The Peregrine flew off, and I thought that was that, its gone now, so no more photos...

But then it came back, and changed position slightly.










Max zoom...I really like this pic.










It kept looking down at me, like they do...












EDIT- The 2nd photo down, is actually a crop of the 1st photo...Its the 3rd photo that is maximum zoom


----------



## laurencea (Aug 28, 2009)

lovely!

it's incredible how small they look when tucked up - the first few shots really show that.

L


----------



## Testudo Man (Aug 3, 2005)

laurencea said:


> lovely!
> 
> it's incredible how small they look when tucked up - the first few shots really show that.
> 
> L


Cheers...I guess in reality, they are not that big, I think people associate all raptors as being large...

I like the way their feathers blow out to their sides, from the wind up there...Also, I took over a 100 shots, but most were the same image(I just click away rapid, because you never know how much time you have before they fly off) plus quite a few shots were blurry(given the circumstances)


----------



## Woodsman (Aug 12, 2008)

Great pics. TT man,(as usual)
Brings to mind a nest we were watching that had been robbed for seven years on the run.It was a site where you could look down on the nest from the opposite side of a ravine.We watched it right from egg laying up to 3 young flying.Including a visit from tv cameras.


----------



## fergie (Oct 27, 2007)

Smashing pics, mate. It's about time you got yourself a proper zoom lens and DSLR. Get that wallet cracked open


----------



## xvickyx (Jul 21, 2009)

Fab photos


----------



## Testudo Man (Aug 3, 2005)

Woodsman said:


> Great pics. TT man,(as usual)
> Brings to mind a nest we were watching that had been robbed for seven years on the run.It was a site where you could look down on the nest from the opposite side of a ravine.We watched it right from egg laying up to 3 young flying.Including a visit from tv cameras.


Cheers...
Thats bad news about nest robbing:bash:...but at least you got to see some success from that nest site.



fergie said:


> Smashing pics, mate. It's about time you got yourself a proper zoom lens and DSLR. Get that wallet cracked open


Thanks mate, i had bright sunlight behind me, so that made for a better shot...
And yes, i keep looking at new cameras too...I was thinking of a DSLR, but then ive just read up on some new super ultra zoom cameras...panasonic have a good range, and canon have just released a new super zoom camera, with an outrageous 35X optical:gasp::gasp::gasp:



xvickyx said:


> Fab photos


Thanks.


----------



## Testudo Man (Aug 3, 2005)

After the Peregrine flew off again, it was time to make my way back...

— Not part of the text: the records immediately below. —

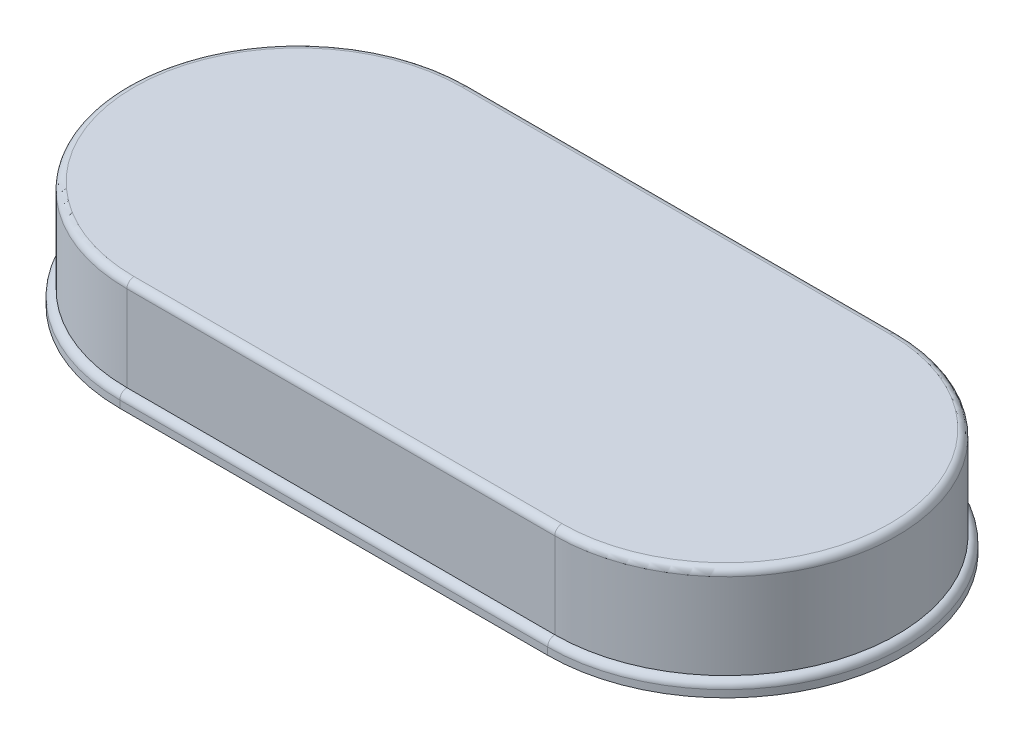
from build123d import *

# Parameters (mm, degrees)
BOSS_EXTRUDE1_DEPTH = 0.2
FILLET3_R           = 0.1
BOSS_EXTRUDE2_DEPTH = 1.3
FILLET4_R           = 0.1


with BuildPart() as part:
    # Sketch2 → Boss-Extrude1 (new body)
    with BuildSketch(Plane(origin=(0, 0, 0), x_dir=(1, 0, 0), z_dir=(0, 1, 0))):
        with BuildLine():
            Line((8.774632583, 14.872725815), (14.774632583, 14.872725815))
            ThreePointArc((14.774632583, 14.872725815), (17.274632583, 12.372725815), (14.774632583, 9.872725815))
            Line((14.774632583, 9.872725815), (8.774632583, 9.872725815))
            ThreePointArc((8.774632583, 9.872725815), (6.274632583, 12.372725815), (8.774632583, 14.872725815))
        make_face()
    extrude(amount=BOSS_EXTRUDE1_DEPTH)

    # Fillet3
    fillet3_edges = [part.edges().sort_by_distance(p)[0] for p in [
        (17.274632583, 0.2, -12.372725815),
        (11.774632583, 0.2, -14.872725815),
        (6.274632583, 0.2, -12.372725815),
        (11.774632583, 0.2, -9.872725815),
    ]]
    fillet(fillet3_edges, radius=FILLET3_R)

    # Sketch5 → Boss-Extrude2 (add)
    with BuildSketch(Plane(origin=(0, 0.2, 0), x_dir=(1, 0, 0), z_dir=(0, 1, 0))):
        with BuildLine():
            Line((8.774632583, 14.772725815), (14.774632583, 14.772725815))
            ThreePointArc((14.774632583, 14.772725815), (17.174632583, 12.372725815), (14.774632583, 9.972725815))
            Line((14.774632583, 9.972725815), (8.774632583, 9.972725815))
            ThreePointArc((8.774632583, 9.972725815), (6.374632583, 12.372725815), (8.774632583, 14.772725815))
        make_face()
    extrude(amount=BOSS_EXTRUDE2_DEPTH)

    # Fillet4
    fillet4_edges = [part.edges().sort_by_distance(p)[0] for p in [
        (6.374632583, 1.5, -12.372725815),
        (11.774632583, 1.5, -9.972725815),
        (17.174632583, 1.5, -12.372725815),
        (11.774632583, 1.5, -14.772725815),
    ]]
    fillet(fillet4_edges, radius=FILLET4_R)


solid = part.part

But it had just flown around to the other side of the tower...

Can you see it?...










Zoomed in...










I finally got back round and look what greeted me, 2 of them...

Note- Poor light means not very good quality pic though.


----------



## bobby (Sep 26, 2006)

Testudo Man said:


> After the Peregrine flew off again, it was time to make my way back...
> 
> But it had just flown around to the other side of the tower...
> 
> ...


Sure you showed me these pics before....stunning either way....


----------



## Testudo Man (Aug 3, 2005)

bobby said:


> Sure you showed me these pics before....stunning either way....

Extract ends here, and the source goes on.